(Materials provided):
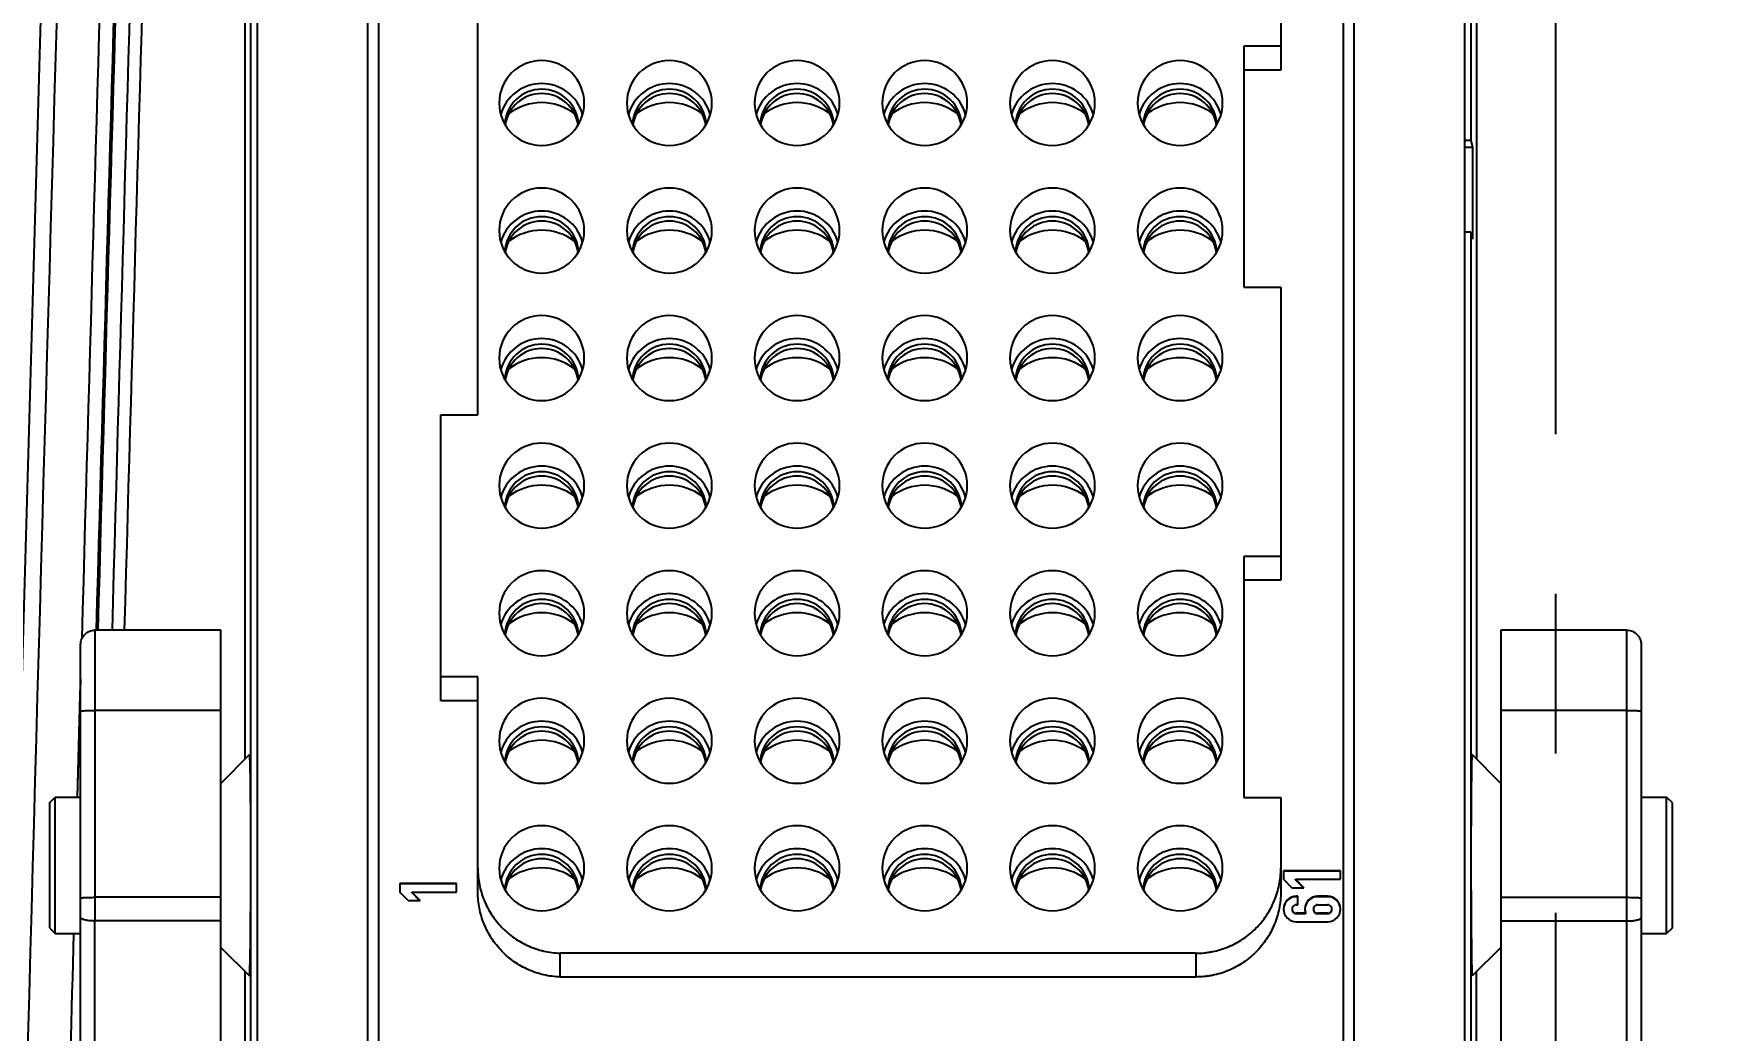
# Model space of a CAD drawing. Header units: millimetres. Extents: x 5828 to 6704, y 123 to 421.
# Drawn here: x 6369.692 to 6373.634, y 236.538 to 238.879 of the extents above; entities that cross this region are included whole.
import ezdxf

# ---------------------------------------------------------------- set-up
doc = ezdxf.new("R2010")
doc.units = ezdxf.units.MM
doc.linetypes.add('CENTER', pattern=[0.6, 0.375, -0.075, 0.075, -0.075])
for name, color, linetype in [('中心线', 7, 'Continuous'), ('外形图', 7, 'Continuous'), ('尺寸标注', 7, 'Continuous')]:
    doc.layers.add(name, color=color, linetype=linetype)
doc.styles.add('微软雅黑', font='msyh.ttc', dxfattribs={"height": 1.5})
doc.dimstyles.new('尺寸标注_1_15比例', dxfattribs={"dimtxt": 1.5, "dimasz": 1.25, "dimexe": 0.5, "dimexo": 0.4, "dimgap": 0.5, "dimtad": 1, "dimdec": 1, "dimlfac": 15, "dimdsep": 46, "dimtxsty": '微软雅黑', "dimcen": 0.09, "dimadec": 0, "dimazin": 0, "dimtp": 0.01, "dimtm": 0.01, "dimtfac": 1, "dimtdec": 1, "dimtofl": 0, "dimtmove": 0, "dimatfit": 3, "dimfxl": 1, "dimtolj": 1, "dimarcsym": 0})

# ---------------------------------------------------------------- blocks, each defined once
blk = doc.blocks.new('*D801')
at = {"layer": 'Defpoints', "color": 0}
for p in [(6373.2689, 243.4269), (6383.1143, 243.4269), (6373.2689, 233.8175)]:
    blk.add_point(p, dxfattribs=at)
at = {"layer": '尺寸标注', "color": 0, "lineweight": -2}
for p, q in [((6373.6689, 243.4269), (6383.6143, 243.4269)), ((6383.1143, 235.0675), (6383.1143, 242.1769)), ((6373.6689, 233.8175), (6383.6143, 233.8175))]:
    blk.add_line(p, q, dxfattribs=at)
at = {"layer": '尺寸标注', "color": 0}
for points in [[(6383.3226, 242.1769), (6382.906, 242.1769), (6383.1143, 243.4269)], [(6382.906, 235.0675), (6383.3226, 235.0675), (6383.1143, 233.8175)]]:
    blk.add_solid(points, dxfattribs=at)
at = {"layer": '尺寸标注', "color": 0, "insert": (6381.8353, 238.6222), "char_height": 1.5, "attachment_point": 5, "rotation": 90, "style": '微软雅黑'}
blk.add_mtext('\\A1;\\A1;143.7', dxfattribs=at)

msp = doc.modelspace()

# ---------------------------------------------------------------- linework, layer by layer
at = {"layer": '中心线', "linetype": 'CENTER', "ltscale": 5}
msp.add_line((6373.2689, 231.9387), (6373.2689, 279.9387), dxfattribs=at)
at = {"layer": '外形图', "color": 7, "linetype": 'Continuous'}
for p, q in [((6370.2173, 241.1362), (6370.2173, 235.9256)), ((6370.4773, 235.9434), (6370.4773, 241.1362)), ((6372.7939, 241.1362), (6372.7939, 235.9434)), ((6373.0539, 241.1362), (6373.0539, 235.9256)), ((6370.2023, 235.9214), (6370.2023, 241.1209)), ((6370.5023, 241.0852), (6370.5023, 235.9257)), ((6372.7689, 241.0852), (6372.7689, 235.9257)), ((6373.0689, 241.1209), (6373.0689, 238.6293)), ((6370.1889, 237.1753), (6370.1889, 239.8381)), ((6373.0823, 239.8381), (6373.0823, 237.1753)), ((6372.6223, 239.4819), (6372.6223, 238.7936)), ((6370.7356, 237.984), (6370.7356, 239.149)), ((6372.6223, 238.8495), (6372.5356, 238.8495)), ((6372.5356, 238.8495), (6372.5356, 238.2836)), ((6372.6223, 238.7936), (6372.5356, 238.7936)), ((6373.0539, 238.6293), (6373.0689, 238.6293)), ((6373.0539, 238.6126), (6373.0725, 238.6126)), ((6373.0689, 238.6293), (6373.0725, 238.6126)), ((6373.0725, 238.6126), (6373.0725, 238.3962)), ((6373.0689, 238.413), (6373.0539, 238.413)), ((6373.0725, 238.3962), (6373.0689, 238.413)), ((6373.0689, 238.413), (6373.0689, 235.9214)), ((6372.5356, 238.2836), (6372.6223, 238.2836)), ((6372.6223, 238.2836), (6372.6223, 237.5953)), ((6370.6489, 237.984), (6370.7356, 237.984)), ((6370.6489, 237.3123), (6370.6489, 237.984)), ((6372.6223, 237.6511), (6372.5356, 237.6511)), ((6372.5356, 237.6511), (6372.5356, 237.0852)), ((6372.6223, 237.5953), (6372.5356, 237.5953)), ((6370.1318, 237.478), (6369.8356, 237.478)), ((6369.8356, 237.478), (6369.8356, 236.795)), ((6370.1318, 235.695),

(Work order): Repeat the material above precisely as it appears, omitting the images it contains.

(Task result):
# Model space of a CAD drawing. Header units: millimetres. Extents: x 5828 to 6704, y 123 to 421.
# Drawn here: x 6369.692 to 6373.634, y 236.538 to 238.879 of the extents above; entities that cross this region are included whole.
import ezdxf

# ---------------------------------------------------------------- set-up
doc = ezdxf.new("R2010")
doc.units = ezdxf.units.MM
doc.linetypes.add('CENTER', pattern=[0.6, 0.375, -0.075, 0.075, -0.075])
for name, color, linetype in [('中心线', 7, 'Continuous'), ('外形图', 7, 'Continuous'), ('尺寸标注', 7, 'Continuous')]:
    doc.layers.add(name, color=color, linetype=linetype)
doc.styles.add('微软雅黑', font='msyh.ttc', dxfattribs={"height": 1.5})
doc.dimstyles.new('尺寸标注_1_15比例', dxfattribs={"dimtxt": 1.5, "dimasz": 1.25, "dimexe": 0.5, "dimexo": 0.4, "dimgap": 0.5, "dimtad": 1, "dimdec": 1, "dimlfac": 15, "dimdsep": 46, "dimtxsty": '微软雅黑', "dimcen": 0.09, "dimadec": 0, "dimazin": 0, "dimtp": 0.01, "dimtm": 0.01, "dimtfac": 1, "dimtdec": 1, "dimtofl": 0, "dimtmove": 0, "dimatfit": 3, "dimfxl": 1, "dimtolj": 1, "dimarcsym": 0})

# ---------------------------------------------------------------- blocks, each defined once
blk = doc.blocks.new('*D801')
at = {"layer": 'Defpoints', "color": 0}
for p in [(6373.2689, 243.4269), (6383.1143, 243.4269), (6373.2689, 233.8175)]:
    blk.add_point(p, dxfattribs=at)
at = {"layer": '尺寸标注', "color": 0, "lineweight": -2}
for p, q in [((6373.6689, 243.4269), (6383.6143, 243.4269)), ((6383.1143, 235.0675), (6383.1143, 242.1769)), ((6373.6689, 233.8175), (6383.6143, 233.8175))]:
    blk.add_line(p, q, dxfattribs=at)
at = {"layer": '尺寸标注', "color": 0}
for points in [[(6383.3226, 242.1769), (6382.906, 242.1769), (6383.1143, 243.4269)], [(6382.906, 235.0675), (6383.3226, 235.0675), (6383.1143, 233.8175)]]:
    blk.add_solid(points, dxfattribs=at)
at = {"layer": '尺寸标注', "color": 0, "insert": (6381.8353, 238.6222), "char_height": 1.5, "attachment_point": 5, "rotation": 90, "style": '微软雅黑'}
blk.add_mtext('\\A1;\\A1;143.7', dxfattribs=at)

msp = doc.modelspace()

# ---------------------------------------------------------------- linework, layer by layer
at = {"layer": '中心线', "linetype": 'CENTER', "ltscale": 5}
msp.add_line((6373.2689, 231.9387), (6373.2689, 279.9387), dxfattribs=at)
at = {"layer": '外形图', "color": 7, "linetype": 'Continuous'}
for p, q in [((6370.2173, 241.1362), (6370.2173, 235.9256)), ((6370.4773, 235.9434), (6370.4773, 241.1362)), ((6372.7939, 241.1362), (6372.7939, 235.9434)), ((6373.0539, 241.1362), (6373.0539, 235.9256)), ((6370.2023, 235.9214), (6370.2023, 241.1209)), ((6370.5023, 241.0852), (6370.5023, 235.9257)), ((6372.7689, 241.0852), (6372.7689, 235.9257)), ((6373.0689, 241.1209), (6373.0689, 238.6293)), ((6370.1889, 237.1753), (6370.1889, 239.8381)), ((6373.0823, 239.8381), (6373.0823, 237.1753)), ((6372.6223, 239.4819), (6372.6223, 238.7936)), ((6370.7356, 237.984), (6370.7356, 239.149)), ((6372.6223, 238.8495), (6372.5356, 238.8495)), ((6372.5356, 238.8495), (6372.5356, 238.2836)), ((6372.6223, 238.7936), (6372.5356, 238.7936)), ((6373.0539, 238.6293), (6373.0689, 238.6293)), ((6373.0539, 238.6126), (6373.0725, 238.6126)), ((6373.0689, 238.6293), (6373.0725, 238.6126)), ((6373.0725, 238.6126), (6373.0725, 238.3962)), ((6373.0689, 238.413), (6373.0539, 238.413)), ((6373.0725, 238.3962), (6373.0689, 238.413)), ((6373.0689, 238.413), (6373.0689, 235.9214)), ((6372.5356, 238.2836), (6372.6223, 238.2836)), ((6372.6223, 238.2836), (6372.6223, 237.5953)), ((6370.6489, 237.984), (6370.7356, 237.984)), ((6370.6489, 237.3123), (6370.6489, 237.984)), ((6372.6223, 237.6511), (6372.5356, 237.6511)), ((6372.5356, 237.6511), (6372.5356, 237.0852)), ((6372.6223, 237.5953), (6372.5356, 237.5953)), ((6370.1318, 237.478), (6369.8356, 237.478)), ((6369.8356, 237.478), (6369.8356, 236.795)), ((6370.1318, 235.695),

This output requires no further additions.